Math and Physics Librarian Michael Peper and I then headed to the Bryan Center (Duke's student center) to poll users about their experience with the Research by Subject page, which Michael and I helped redesign this past summer.  This study was significantly simpler than the Search Resources test -- we wrote the script, conducted the tests, analyzed our data, wrote our report and shared our results in about three weeks.  Changes that resulted?  Not many (our work with students affirmed that the page works fairly well) -- we added a chat widget and rewrote text to clarify the purpose of the search box. 

Next up, SILS field experience student Alice Whiteside and I tested the LibGuides interface early this semester -- you may recall that I blogged about our work last month.

Finally, Head of Reference Jean Ferguson, Divinity Librarian Luba Zakharov and I decided to follow up on our Search Resources tabbed interface study by exploring further how users interact with the tab labeled "Articles" on the Libraries homepage.  We observed 18 students and staff use the Articles search tool to find resources on topics of their choice and are in the process of analyzing our data.  Stay tuned for the results.

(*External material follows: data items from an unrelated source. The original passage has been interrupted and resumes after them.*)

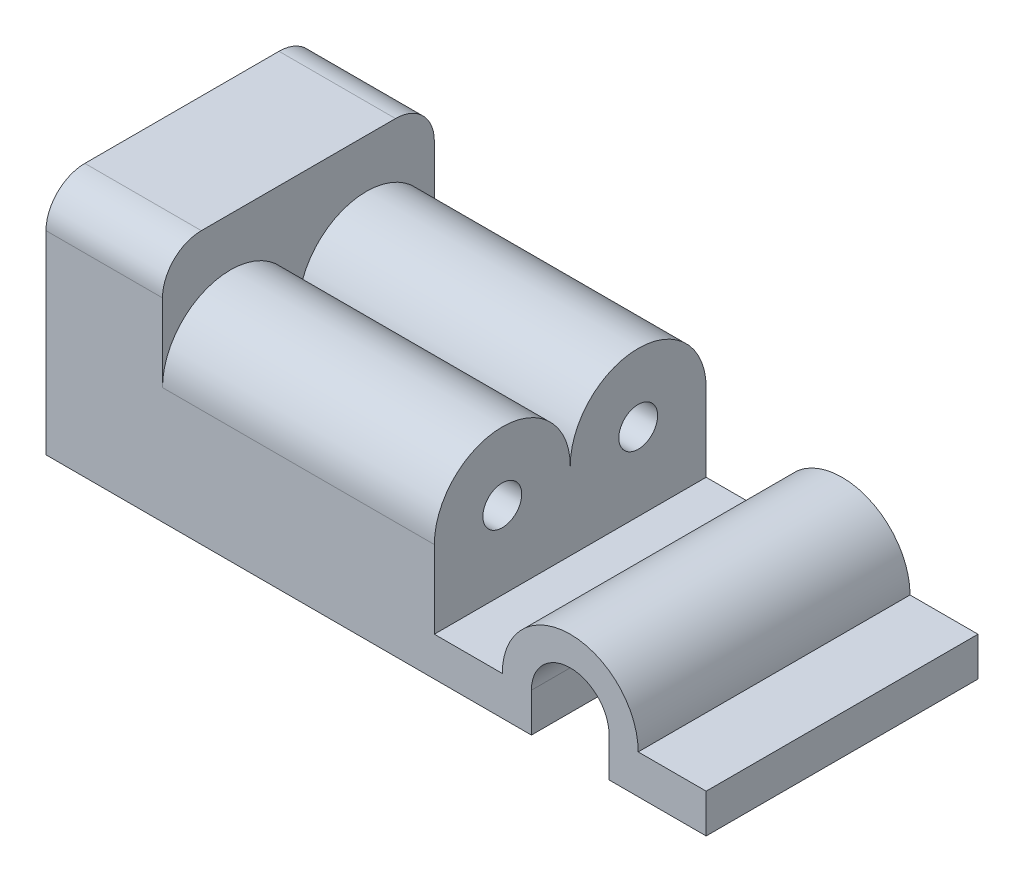
ISO-10303-21;
HEADER;
FILE_DESCRIPTION(('STEP AP214'),'2;1');
FILE_NAME('part.step','',(''),(''),'','','');
FILE_SCHEMA(('AUTOMOTIVE_DESIGN { 1 0 10303 214 1 1 1 1 }'));
ENDSEC;
DATA;
#1=APPLICATION_CONTEXT('core data for automotive mechanical design processes');
#2=APPLICATION_PROTOCOL_DEFINITION('international standard','automotive_design',2000,#1);
#3=PRODUCT_CONTEXT('',#1,'mechanical');
#4=PRODUCT('Part','Part','',(#3));
#5=PRODUCT_RELATED_PRODUCT_CATEGORY('part','',(#4));
#6=PRODUCT_DEFINITION_FORMATION('','',#4);
#7=PRODUCT_DEFINITION_CONTEXT('part definition',#1,'design');
#8=PRODUCT_DEFINITION('design','',#6,#7);
#9=PRODUCT_DEFINITION_SHAPE('','',#8);
#10=(LENGTH_UNIT() NAMED_UNIT(*) SI_UNIT(.MILLI.,.METRE.));
#11=(NAMED_UNIT(*) PLANE_ANGLE_UNIT() SI_UNIT($,.RADIAN.));
#12=(NAMED_UNIT(*) SI_UNIT($,.STERADIAN.) SOLID_ANGLE_UNIT());
#13=UNCERTAINTY_MEASURE_WITH_UNIT(LENGTH_MEASURE(1.E-05),#10,'distance_accuracy_value','');
#14=(GEOMETRIC_REPRESENTATION_CONTEXT(3) GLOBAL_UNCERTAINTY_ASSIGNED_CONTEXT((#13)) GLOBAL_UNIT_ASSIGNED_CONTEXT((#10,
#11,#12)) REPRESENTATION_CONTEXT('',''));
#15=CARTESIAN_POINT('',(0.,0.,0.));
#16=DIRECTION('',(0.,0.,1.));
#17=DIRECTION('',(1.,0.,0.));
#18=AXIS2_PLACEMENT_3D('',#15,#16,#17);
#19=CARTESIAN_POINT('',(-75.1724137931034,-24.3103448275862,35.));
#20=DIRECTION('',(0.,1.,0.));
#21=DIRECTION('',(0.,0.,1.));
#22=AXIS2_PLACEMENT_3D('',#19,#20,#21);
#23=PLANE('',#22);
#24=DIRECTION('',(1.,0.,0.));
#25=VECTOR('',#24,1.);
#26=CARTESIAN_POINT('',(-75.1724137931034,-24.3103448275862,-35.));
#27=LINE('',#26,#25);
#28=CARTESIAN_POINT('',(-75.1724137931034,-24.3103448275862,-35.));
#29=VERTEX_POINT('',#28);
#30=CARTESIAN_POINT('',(49.8275862068966,-24.3103448275862,-35.));
#31=VERTEX_POINT('',#30);
#32=EDGE_CURVE('E254',#29,#31,#27,.T.);
#33=ORIENTED_EDGE('',*,*,#32,.T.);
#34=DIRECTION('',(0.,0.,-1.));
#35=VECTOR('',#34,1.);
#36=CARTESIAN_POINT('',(49.8275862068966,-24.3103448275862,35.));
#37=LINE('',#36,#35);
#38=CARTESIAN_POINT('',(49.8275862068966,-24.3103448275862,35.));
#39=VERTEX_POINT('',#38);
#40=EDGE_CURVE('E210',#39,#31,#37,.T.);
#41=ORIENTED_EDGE('',*,*,#40,.F.);
#42=DIRECTION('',(1.,0.,0.));
#43=VECTOR('',#42,1.);
#44=CARTESIAN_POINT('',(-75.1724137931034,-24.3103448275862,35.));
#45=LINE('',#44,#43);
#46=CARTESIAN_POINT('',(-75.1724137931034,-24.3103448275862,35.));
#47=VERTEX_POINT('',#46);
#48=EDGE_CURVE('E173',#47,#39,#45,.T.);
#49=ORIENTED_EDGE('',*,*,#48,.F.);
#50=DIRECTION('',(0.,0.,-1.));
#51=VECTOR('',#50,1.);
#52=CARTESIAN_POINT('',(-75.1724137931034,-24.3103448275862,35.));
#53=LINE('',#52,#51);
#54=EDGE_CURVE('E177',#47,#29,#53,.T.);
#55=ORIENTED_EDGE('',*,*,#54,.T.);
#56=EDGE_LOOP('',(#33,#41,#49,#55));
#57=FACE_BOUND('',#56,.T.);
#58=ADVANCED_FACE('F33',(#57),#23,.F.);
#59=CARTESIAN_POINT('',(49.8275862068966,-14.3010596020905,35.));
#60=DIRECTION('',(-1.,0.,0.));
#61=DIRECTION('',(0.,0.,1.));
#62=AXIS2_PLACEMENT_3D('',#59,#60,#61);
#63=PLANE('',#62);
#64=DIRECTION('',(0.,1.,0.));
#65=VECTOR('',#64,1.);
#66=CARTESIAN_POINT('',(49.8275862068966,-14.3010596020905,-35.));
#67=LINE('',#66,#65);
#68=CARTESIAN_POINT('',(49.8275862068966,-14.3010596020905,-35.));
#69=VERTEX_POINT('',#68);
#70=EDGE_CURVE('E257',#31,#69,#67,.T.);
#71=ORIENTED_EDGE('',*,*,#70,.T.);
#72=DIRECTION('',(0.,0.,-1.));
#73=VECTOR('',#72,1.);
#74=CARTESIAN_POINT('',(49.8275862068966,-14.3010596020905,35.));
#75=LINE('',#74,#73);
#76=CARTESIAN_POINT('',(49.8275862068966,-14.3010596020905,35.));
#77=VERTEX_POINT('',#76);
#78=EDGE_CURVE('E207',#77,#69,#75,.T.);
#79=ORIENTED_EDGE('',*,*,#78,.F.);
#80=DIRECTION('',(0.,1.,0.));
#81=VECTOR('',#80,1.);
#82=CARTESIAN_POINT('',(49.8275862068966,-14.3010596020905,35.));
#83=LINE('',#82,#81);
#84=EDGE_CURVE('E322',#39,#77,#83,.T.);
#85=ORIENTED_EDGE('',*,*,#84,.F.);
#86=ORIENTED_EDGE('',*,*,#40,.T.);
#87=EDGE_LOOP('',(#71,#79,#85,#86));
#88=FACE_BOUND('',#87,.T.);
#89=ADVANCED_FACE('F321',(#88),#63,.F.);
#90=CARTESIAN_POINT('',(59.8275862068966,-14.3010596020905,35.));
#91=DIRECTION('',(0.,0.,-1.));
#92=DIRECTION('',(-1.,0.,0.));
#93=AXIS2_PLACEMENT_3D('',#90,#91,#92);
#94=CYLINDRICAL_SURFACE('',#93,9.99999999999999);
#95=CARTESIAN_POINT('',(59.8275862068966,-14.3010596020905,-35.));
#96=DIRECTION('',(0.,0.,-1.));
#97=DIRECTION('',(1.,0.,0.));
#98=AXIS2_PLACEMENT_3D('',#95,#96,#97);
#99=CIRCLE('',#98,9.99999999999999);
#100=CARTESIAN_POINT('',(69.8275862068966,-14.3010596020905,-35.));
#101=VERTEX_POINT('',#100);
#102=EDGE_CURVE('E260',#69,#101,#99,.T.);
#103=ORIENTED_EDGE('',*,*,#102,.T.);
#104=DIRECTION('',(0.,0.,-1.));
#105=VECTOR('',#104,1.);
#106=CARTESIAN_POINT('',(69.8275862068966,-14.3010596020905,35.));
#107=LINE('',#106,#105);
#108=CARTESIAN_POINT('',(69.8275862068966,-14.3010596020905,35.));
#109=VERTEX_POINT('',#108);
#110=EDGE_CURVE('E204',#109,#101,#107,.T.);
#111=ORIENTED_EDGE('',*,*,#110,.F.);
#112=CARTESIAN_POINT('',(59.8275862068966,-14.3010596020905,35.));
#113=DIRECTION('',(0.,0.,-1.));
#114=DIRECTION('',(1.,0.,0.));
#115=AXIS2_PLACEMENT_3D('',#112,#113,#114);
#116=CIRCLE('',#115,9.99999999999999);
#117=EDGE_CURVE('E319',#77,#109,#116,.T.);
#118=ORIENTED_EDGE('',*,*,#117,.F.);
#119=ORIENTED_EDGE('',*,*,#78,.T.);
#120=EDGE_LOOP('',(#103,#111,#118,#119));
#121=FACE_BOUND('',#120,.T.);
#122=ADVANCED_FACE('F316',(#121),#94,.F.);
#123=CARTESIAN_POINT('',(69.8275862068966,-24.3103448275862,35.));
#124=DIRECTION('',(1.,0.,0.));
#125=DIRECTION('',(0.,0.,-1.));
#126=AXIS2_PLACEMENT_3D('',#123,#124,#125);
#127=PLANE('',#126);
#128=DIRECTION('',(0.,-1.,0.));
#129=VECTOR('',#128,1.);
#130=CARTESIAN_POINT('',(69.8275862068966,-24.3103448275862,-35.));
#131=LINE('',#130,#129);
#132=CARTESIAN_POINT('',(69.8275862068966,-24.3103448275862,-35.));
#133=VERTEX_POINT('',#132);
#134=EDGE_CURVE('E262',#101,#133,#131,.T.);
#135=ORIENTED_EDGE('',*,*,#134,.T.);
#136=DIRECTION('',(0.,0.,-1.));
#137=VECTOR('',#136,1.);
#138=CARTESIAN_POINT('',(69.8275862068966,-24.3103448275862,35.));
#139=LINE('',#138,#137);
#140=CARTESIAN_POINT('',(69.8275862068966,-24.3103448275862,35.));
#141=VERTEX_POINT('',#140);
#142=EDGE_CURVE('E201',#141,#133,#139,.T.);
#143=ORIENTED_EDGE('',*,*,#142,.F.);
#144=DIRECTION('',(0.,-1.,0.));
#145=VECTOR('',#144,1.);
#146=CARTESIAN_POINT('',(69.8275862068966,-24.3103448275862,35.));
#147=LINE('',#146,#145);
#148=EDGE_CURVE('E311',#109,#141,#147,.T.);
#149=ORIENTED_EDGE('',*,*,#148,.F.);
#150=ORIENTED_EDGE('',*,*,#110,.T.);
#151=EDGE_LOOP('',(#135,#143,#149,#150));
#152=FACE_BOUND('',#151,.T.);
#153=ADVANCED_FACE('F310',(#152),#127,.F.);
#154=CARTESIAN_POINT('',(94.8275862068966,-24.3103448275862,35.));
#155=DIRECTION('',(0.,1.,0.));
#156=DIRECTION('',(0.,0.,1.));
#157=AXIS2_PLACEMENT_3D('',#154,#155,#156);
#158=PLANE('',#157);
#159=DIRECTION('',(1.,0.,0.));
#160=VECTOR('',#159,1.);
#161=CARTESIAN_POINT('',(94.8275862068966,-24.3103448275862,-35.));
#162=LINE('',#161,#160);
#163=CARTESIAN_POINT('',(94.8275862068966,-24.3103448275862,-35.));
#164=VERTEX_POINT('',#163);
#165=EDGE_CURVE('E264',#133,#164,#162,.T.);
#166=ORIENTED_EDGE('',*,*,#165,.T.);
#167=DIRECTION('',(0.,0.,-1.));
#168=VECTOR('',#167,1.);
#169=CARTESIAN_POINT('',(94.8275862068966,-24.3103448275862,35.));
#170=LINE('',#169,#168);
#171=CARTESIAN_POINT('',(94.8275862068966,-24.3103448275862,35.));
#172=VERTEX_POINT('',#171);
#173=EDGE_CURVE('E198',#172,#164,#170,.T.);
#174=ORIENTED_EDGE('',*,*,#173,.F.);
#175=DIRECTION('',(1.,0.,0.));
#176=VECTOR('',#175,1.);
#177=CARTESIAN_POINT('',(94.8275862068966,-24.3103448275862,35.));
#178=LINE('',#177,#176);
#179=EDGE_CURVE('E306',#141,#172,#178,.T.);
#180=ORIENTED_EDGE('',*,*,#179,.F.);
#181=ORIENTED_EDGE('',*,*,#142,.T.);
#182=EDGE_LOOP('',(#166,#174,#180,#181));
#183=FACE_BOUND('',#182,.T.);
#184=ADVANCED_FACE('F305',(#183),#158,.F.);
#185=CARTESIAN_POINT('',(94.8275862068966,-14.3103448275862,35.));
#186=DIRECTION('',(-1.,0.,0.));
#187=DIRECTION('',(0.,0.,1.));
#188=AXIS2_PLACEMENT_3D('',#185,#186,#187);
#189=PLANE('',#188);
#190=DIRECTION('',(0.,1.,0.));
#191=VECTOR('',#190,1.);
#192=CARTESIAN_POINT('',(94.8275862068966,-14.3103448275862,-35.));
#193=LINE('',#192,#191);
#194=CARTESIAN_POINT('',(94.8275862068966,-14.3103448275862,-35.));
#195=VERTEX_POINT('',#194);
#196=EDGE_CURVE('E266',#164,#195,#193,.T.);
#197=ORIENTED_EDGE('',*,*,#196,.T.);
#198=DIRECTION('',(0.,0.,-1.));
#199=VECTOR('',#198,1.);
#200=CARTESIAN_POINT('',(94.8275862068966,-14.3103448275862,35.));
#201=LINE('',#200,#199);
#202=CARTESIAN_POINT('',(94.8275862068966,-14.3103448275862,35.));
#203=VERTEX_POINT('',#202);
#204=EDGE_CURVE('E195',#203,#195,#201,.T.);
#205=ORIENTED_EDGE('',*,*,#204,.F.);
#206=DIRECTION('',(0.,1.,0.));
#207=VECTOR('',#206,1.);
#208=CARTESIAN_POINT('',(94.8275862068966,-14.3103448275862,35.));
#209=LINE('',#208,#207);
#210=EDGE_CURVE('E302',#172,#203,#209,.T.);
#211=ORIENTED_EDGE('',*,*,#210,.F.);
#212=ORIENTED_EDGE('',*,*,#173,.T.);
#213=EDGE_LOOP('',(#197,#205,#211,#212));
#214=FACE_BOUND('',#213,.T.);
#215=ADVANCED_FACE('F299',(#214),#189,.F.);
#216=CARTESIAN_POINT('',(77.3275837435989,-14.3103448275862,35.));
#217=DIRECTION('',(0.,-1.,0.));
#218=DIRECTION('',(0.,0.,-1.));
#219=AXIS2_PLACEMENT_3D('',#216,#217,#218);
#220=PLANE('',#219);
#221=DIRECTION('',(-1.,0.,0.));
#222=VECTOR('',#221,1.);
#223=CARTESIAN_POINT('',(77.3275837435989,-14.3103448275862,-35.));
#224=LINE('',#223,#222);
#225=CARTESIAN_POINT('',(77.3275837435989,-14.3103448275862,-35.));
#226=VERTEX_POINT('',#225);
#227=EDGE_CURVE('E268',#195,#226,#224,.T.);
#228=ORIENTED_EDGE('',*,*,#227,.T.);
#229=DIRECTION('',(0.,0.,-1.));
#230=VECTOR('',#229,1.);
#231=CARTESIAN_POINT('',(77.3275837435989,-14.3103448275862,35.));
#232=LINE('',#231,#230);
#233=CARTESIAN_POINT('',(77.3275837435989,-14.3103448275862,35.));
#234=VERTEX_POINT('',#233);
#235=EDGE_CURVE('E192',#234,#226,#232,.T.);
#236=ORIENTED_EDGE('',*,*,#235,.F.);
#237=DIRECTION('',(-1.,0.,0.));
#238=VECTOR('',#237,1.);
#239=CARTESIAN_POINT('',(77.3275837435989,-14.3103448275862,35.));
#240=LINE('',#239,#238);
#241=EDGE_CURVE('E293',#203,#234,#240,.T.);
#242=ORIENTED_EDGE('',*,*,#241,.F.);
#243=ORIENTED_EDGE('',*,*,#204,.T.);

So what have we learned from all of this testing and analyzing?  Here are my top five lessons learned:
  1. Usability tests take considerable time and effort -- each requires a lead person who is committed to making the test happen in a timely fashion.
  2. Specialized software (we use Morae at Duke) is not always necessary -- a test can be conducted with nothing more than a laptop for participants and a laptop for taking notes (candy for participants doesn't hurt!).
  3. Guerrilla tests seem to work best at Duke -- we go to high-traffic areas (the student center, Perkins library's coffee shop) and ask students to chat with us for a few minutes ( a good reason to limit tests to 5-10 minutes).  Scheduling tests ahead of time adds another layer of complexity -- and a significant amount of time and effort.
  4. Scripting is the most important part of the entire process.  If you're not working with a script that truly gets at the questions you wish to ask, your test will not give you the results you want (seems obvious, but we've struck out with more than one test question...).  Have several people take a look at the script, and schedule a pilot before actually beginning your testing.  
  5. Share your results!  Don't get bogged down in writing long, cumbersome reports that few will read.  Write up your results in a couple of pages, append your test instrument, and get it out there so that you can begin to make changes to your interfaces and webpages.  There's no point in conducting these tests if you're not going to use what you learned.
What have you learned from usability testing at your institutions?  We'd love to hear from you!